Student Loans for International Students
Financing a US education is one of the most significant challenges international students face. While scholarships and family savings are the preferred sources of funding, some students also need to borrow money to cover part of their costs. This page explains the loan options available to international students and the important considerations before borrowing.
Federal Student Loans: Not Available to International Students
It is important to understand upfront that US federal student loans — the low-interest, government-backed loans that US citizens and permanent residents can access — are not available to international students on F-1 visas. Federal loans require US citizenship or permanent resident status. This is a significant distinction, as federal loans offer better interest rates and more flexible repayment options than most alternatives.
Private Student Loans from US Lenders
Some private US lenders offer student loans to international students, though the options are more limited and the conditions more demanding than for US citizens. Key features of private international student loans:
Co-signer requirement: Most US private lenders require international student borrowers to have a US co-signer — a US citizen or permanent resident who agrees to repay the loan if you cannot. The co-signer must have good US credit history. If you have a family member, family friend, or sponsor in the US with strong credit, they could potentially serve as your co-signer.
No co-signer options: A small number of lenders specialize in international student loans without a US co-signer. These lenders typically use alternative underwriting criteria, such as your academic institution, program of study, and career prospects, rather than traditional US credit history. Interest rates on no-co-signer loans are generally higher. Lenders offering this type of product include MPOWER Financing and Prodigy Finance — research current offerings carefully as the market changes.
Interest rates: Private student loan interest rates vary based on the lender, your creditworthiness (or your co-signer's), the type of interest rate (fixed vs. variable), and market conditions. Always compare rates from multiple lenders before committing.
Loan limits: Private loans for international students typically cover tuition and living expenses up to the school's certified cost of attendance. Some lenders cap the total amount they will lend.
Home Country Student Loans
Many countries have government or bank loan programs specifically designed to help their citizens fund study abroad. These programs may offer favorable interest rates, government guarantees, or deferred repayment until after graduation. Examples include government education loan programs in India, Brazil, China, Mexico, and many other countries.

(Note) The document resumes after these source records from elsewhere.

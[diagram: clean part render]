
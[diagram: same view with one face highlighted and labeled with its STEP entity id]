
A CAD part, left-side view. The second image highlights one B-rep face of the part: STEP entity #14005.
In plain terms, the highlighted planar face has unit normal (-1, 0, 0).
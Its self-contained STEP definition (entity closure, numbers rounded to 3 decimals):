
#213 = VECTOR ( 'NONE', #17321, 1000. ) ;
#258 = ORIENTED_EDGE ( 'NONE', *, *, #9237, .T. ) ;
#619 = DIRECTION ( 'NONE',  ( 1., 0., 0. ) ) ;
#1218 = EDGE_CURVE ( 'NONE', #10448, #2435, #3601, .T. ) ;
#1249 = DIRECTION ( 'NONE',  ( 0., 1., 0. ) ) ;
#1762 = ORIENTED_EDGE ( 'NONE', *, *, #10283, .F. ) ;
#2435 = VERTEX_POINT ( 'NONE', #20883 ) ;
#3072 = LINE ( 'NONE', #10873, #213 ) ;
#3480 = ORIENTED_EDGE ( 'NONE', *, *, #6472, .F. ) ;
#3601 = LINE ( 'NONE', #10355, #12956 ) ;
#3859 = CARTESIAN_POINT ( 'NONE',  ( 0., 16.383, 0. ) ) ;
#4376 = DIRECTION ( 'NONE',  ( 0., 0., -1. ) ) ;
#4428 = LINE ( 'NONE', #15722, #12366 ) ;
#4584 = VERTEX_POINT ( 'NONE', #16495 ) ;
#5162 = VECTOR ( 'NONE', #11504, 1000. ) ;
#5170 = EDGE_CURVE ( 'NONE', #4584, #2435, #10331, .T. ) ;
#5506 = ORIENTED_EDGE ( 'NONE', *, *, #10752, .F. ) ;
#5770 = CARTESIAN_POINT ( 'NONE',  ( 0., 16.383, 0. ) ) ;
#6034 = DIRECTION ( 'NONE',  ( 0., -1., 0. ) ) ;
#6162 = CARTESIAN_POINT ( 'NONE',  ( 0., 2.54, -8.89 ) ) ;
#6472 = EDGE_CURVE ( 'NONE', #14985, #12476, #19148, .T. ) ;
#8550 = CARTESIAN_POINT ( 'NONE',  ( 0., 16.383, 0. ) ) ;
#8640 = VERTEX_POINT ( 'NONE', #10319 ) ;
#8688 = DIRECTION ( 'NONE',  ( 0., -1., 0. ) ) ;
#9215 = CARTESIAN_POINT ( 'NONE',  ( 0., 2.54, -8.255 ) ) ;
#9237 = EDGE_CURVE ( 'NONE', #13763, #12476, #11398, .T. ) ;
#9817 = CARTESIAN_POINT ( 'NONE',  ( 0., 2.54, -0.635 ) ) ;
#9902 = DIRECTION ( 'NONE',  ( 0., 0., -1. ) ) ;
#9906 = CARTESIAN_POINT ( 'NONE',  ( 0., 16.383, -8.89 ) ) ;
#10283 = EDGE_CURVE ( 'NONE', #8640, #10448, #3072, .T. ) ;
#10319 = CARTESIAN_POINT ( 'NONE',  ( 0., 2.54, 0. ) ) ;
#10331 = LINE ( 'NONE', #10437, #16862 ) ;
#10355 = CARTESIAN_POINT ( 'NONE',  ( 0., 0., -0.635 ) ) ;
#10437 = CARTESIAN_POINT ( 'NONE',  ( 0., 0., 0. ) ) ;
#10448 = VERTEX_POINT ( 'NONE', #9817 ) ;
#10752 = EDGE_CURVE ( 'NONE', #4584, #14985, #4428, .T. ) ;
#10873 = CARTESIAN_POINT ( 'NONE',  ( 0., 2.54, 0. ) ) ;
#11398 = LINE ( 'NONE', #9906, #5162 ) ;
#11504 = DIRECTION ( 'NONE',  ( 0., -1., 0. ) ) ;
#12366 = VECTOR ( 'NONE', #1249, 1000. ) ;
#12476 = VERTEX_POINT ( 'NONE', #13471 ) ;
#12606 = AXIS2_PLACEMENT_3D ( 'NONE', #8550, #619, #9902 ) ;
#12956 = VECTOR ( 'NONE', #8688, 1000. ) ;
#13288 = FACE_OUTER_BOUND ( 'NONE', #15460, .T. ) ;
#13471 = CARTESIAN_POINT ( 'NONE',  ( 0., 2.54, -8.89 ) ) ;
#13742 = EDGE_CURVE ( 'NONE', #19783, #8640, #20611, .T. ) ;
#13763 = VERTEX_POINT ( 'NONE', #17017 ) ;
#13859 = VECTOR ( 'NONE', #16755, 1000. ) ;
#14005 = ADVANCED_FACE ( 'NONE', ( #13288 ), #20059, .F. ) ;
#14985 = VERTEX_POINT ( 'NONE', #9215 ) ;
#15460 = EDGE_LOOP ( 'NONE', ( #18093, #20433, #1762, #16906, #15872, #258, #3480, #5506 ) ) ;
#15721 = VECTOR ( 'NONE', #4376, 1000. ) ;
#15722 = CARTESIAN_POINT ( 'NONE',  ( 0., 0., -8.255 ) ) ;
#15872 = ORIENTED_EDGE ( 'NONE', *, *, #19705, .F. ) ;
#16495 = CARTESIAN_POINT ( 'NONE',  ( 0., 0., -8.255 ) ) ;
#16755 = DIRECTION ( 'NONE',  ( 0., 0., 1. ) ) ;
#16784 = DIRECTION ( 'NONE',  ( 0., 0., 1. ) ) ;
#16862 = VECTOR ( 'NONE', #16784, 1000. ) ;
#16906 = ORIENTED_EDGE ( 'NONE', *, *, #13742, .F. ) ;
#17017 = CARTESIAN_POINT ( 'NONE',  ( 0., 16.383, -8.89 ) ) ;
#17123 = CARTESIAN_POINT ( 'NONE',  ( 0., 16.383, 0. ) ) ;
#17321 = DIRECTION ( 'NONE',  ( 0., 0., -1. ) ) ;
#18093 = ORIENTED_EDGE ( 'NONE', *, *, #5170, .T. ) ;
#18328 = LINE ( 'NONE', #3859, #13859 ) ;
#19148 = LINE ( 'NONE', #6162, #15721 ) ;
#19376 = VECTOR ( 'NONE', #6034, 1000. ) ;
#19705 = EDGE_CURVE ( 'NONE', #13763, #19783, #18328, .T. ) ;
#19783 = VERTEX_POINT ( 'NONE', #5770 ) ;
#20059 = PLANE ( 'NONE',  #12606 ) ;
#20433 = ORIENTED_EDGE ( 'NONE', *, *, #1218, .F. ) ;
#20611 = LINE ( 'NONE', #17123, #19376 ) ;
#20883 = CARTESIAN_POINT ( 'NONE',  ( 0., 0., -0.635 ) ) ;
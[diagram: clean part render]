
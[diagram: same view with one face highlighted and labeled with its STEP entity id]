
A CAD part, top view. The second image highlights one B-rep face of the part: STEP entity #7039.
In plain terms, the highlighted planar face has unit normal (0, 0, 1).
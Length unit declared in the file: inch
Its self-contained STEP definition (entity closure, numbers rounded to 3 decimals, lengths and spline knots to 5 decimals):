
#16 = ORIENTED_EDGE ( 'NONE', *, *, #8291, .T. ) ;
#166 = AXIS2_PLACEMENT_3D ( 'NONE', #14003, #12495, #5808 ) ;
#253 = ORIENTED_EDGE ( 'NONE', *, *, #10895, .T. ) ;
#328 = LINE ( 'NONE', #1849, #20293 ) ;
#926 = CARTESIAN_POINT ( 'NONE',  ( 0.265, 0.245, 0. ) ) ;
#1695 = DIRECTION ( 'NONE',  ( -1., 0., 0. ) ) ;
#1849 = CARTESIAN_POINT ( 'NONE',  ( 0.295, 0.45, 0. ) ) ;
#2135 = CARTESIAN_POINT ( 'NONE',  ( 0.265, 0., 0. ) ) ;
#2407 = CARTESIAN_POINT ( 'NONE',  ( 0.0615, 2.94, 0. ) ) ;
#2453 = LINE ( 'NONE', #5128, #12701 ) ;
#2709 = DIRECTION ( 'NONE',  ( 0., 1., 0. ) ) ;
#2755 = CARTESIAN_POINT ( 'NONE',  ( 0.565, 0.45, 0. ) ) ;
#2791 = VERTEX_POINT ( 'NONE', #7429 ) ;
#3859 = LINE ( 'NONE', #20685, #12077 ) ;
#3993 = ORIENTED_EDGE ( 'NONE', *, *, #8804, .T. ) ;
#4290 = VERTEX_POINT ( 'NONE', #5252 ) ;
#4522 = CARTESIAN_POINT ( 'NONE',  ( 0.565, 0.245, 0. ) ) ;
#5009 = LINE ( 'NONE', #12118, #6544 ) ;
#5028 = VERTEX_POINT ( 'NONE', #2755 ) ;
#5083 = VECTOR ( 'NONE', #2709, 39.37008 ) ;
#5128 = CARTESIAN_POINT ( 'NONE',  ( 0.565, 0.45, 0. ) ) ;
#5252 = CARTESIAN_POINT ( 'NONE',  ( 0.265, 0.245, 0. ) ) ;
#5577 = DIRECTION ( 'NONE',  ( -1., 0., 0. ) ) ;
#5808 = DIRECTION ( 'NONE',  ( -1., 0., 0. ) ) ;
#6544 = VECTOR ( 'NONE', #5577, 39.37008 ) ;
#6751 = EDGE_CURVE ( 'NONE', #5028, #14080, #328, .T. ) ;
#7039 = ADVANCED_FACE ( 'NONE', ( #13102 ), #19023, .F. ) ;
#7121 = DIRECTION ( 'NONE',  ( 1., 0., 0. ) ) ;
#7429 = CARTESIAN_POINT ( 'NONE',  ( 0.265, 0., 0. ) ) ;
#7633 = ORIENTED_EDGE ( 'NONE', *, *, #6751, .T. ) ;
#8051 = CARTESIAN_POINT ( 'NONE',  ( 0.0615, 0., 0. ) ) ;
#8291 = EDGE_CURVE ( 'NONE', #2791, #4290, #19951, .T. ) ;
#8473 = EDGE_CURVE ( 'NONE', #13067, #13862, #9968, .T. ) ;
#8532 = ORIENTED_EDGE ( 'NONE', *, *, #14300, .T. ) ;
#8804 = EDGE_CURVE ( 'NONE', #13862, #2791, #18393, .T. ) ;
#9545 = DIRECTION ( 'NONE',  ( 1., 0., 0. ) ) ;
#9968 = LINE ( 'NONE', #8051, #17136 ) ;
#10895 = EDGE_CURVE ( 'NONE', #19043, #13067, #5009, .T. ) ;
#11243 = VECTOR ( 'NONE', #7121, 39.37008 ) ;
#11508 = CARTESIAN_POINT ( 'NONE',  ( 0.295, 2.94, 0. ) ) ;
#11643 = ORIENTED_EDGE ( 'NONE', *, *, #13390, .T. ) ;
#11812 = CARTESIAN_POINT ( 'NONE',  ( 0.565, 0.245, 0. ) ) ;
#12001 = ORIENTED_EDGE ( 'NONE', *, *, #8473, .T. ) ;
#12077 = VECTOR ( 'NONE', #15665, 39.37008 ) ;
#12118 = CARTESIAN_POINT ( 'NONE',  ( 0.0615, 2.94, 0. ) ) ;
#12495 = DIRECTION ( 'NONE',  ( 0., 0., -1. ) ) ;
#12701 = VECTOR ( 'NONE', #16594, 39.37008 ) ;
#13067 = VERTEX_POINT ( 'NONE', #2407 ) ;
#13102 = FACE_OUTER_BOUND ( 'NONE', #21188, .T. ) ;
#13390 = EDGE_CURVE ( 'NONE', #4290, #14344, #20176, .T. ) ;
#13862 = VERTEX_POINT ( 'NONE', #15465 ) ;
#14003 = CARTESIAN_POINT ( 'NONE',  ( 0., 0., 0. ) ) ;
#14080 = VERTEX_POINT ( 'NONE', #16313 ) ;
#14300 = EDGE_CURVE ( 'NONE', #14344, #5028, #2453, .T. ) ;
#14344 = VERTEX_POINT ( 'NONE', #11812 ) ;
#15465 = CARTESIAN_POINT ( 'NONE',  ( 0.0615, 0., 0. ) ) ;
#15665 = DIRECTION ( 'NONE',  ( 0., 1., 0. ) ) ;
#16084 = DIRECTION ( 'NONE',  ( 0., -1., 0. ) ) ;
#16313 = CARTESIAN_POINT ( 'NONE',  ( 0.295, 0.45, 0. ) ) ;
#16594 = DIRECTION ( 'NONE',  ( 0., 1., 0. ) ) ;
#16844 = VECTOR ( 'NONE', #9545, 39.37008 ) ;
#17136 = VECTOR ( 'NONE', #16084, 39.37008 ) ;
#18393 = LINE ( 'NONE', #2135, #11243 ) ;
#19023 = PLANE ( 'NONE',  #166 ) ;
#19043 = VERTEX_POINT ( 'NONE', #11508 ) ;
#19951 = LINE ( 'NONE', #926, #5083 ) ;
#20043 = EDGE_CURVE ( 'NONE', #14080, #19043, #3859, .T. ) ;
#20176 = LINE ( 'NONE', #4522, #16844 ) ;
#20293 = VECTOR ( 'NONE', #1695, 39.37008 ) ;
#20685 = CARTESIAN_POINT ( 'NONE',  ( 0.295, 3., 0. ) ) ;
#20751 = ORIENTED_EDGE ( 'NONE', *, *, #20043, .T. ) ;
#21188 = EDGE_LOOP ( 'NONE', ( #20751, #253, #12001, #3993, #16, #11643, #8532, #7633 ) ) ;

Check with your country's national development bank, ministry of education, or major commercial banks for information about study abroad loan programs. Home country loans often have lower interest rates than US private loans and may not require a US co-signer.
Institutional Loans
Some US universities offer their own loan programs for international students. These are typically limited in amount but may have more favorable terms than private commercial lenders. Ask the financial aid office of each school you are considering whether they offer any loan programs specifically for international students.
Important Considerations Before Borrowing
Borrow only what you need. Every dollar you borrow must be repaid with interest. Calculate the minimum amount you need to cover your expenses after all other funding sources (scholarships, family support, on-campus work) are accounted for.
Understand the repayment terms. Before signing any loan agreement, understand when repayment begins (some loans have a grace period after graduation), what the monthly payment will be, and the total cost of the loan over its full repayment period.
Consider your earning potential after graduation. A loan that represents a manageable repayment burden given the salary you can expect in your field after graduation is very different from a loan that would be burdensome. Do not borrow an amount that would be difficult to repay given realistic career prospects.
Understand currency risk. If you take a loan denominated in US dollars but your income after graduation will be in another currency, changes in exchange rates could significantly affect the real cost of your repayments.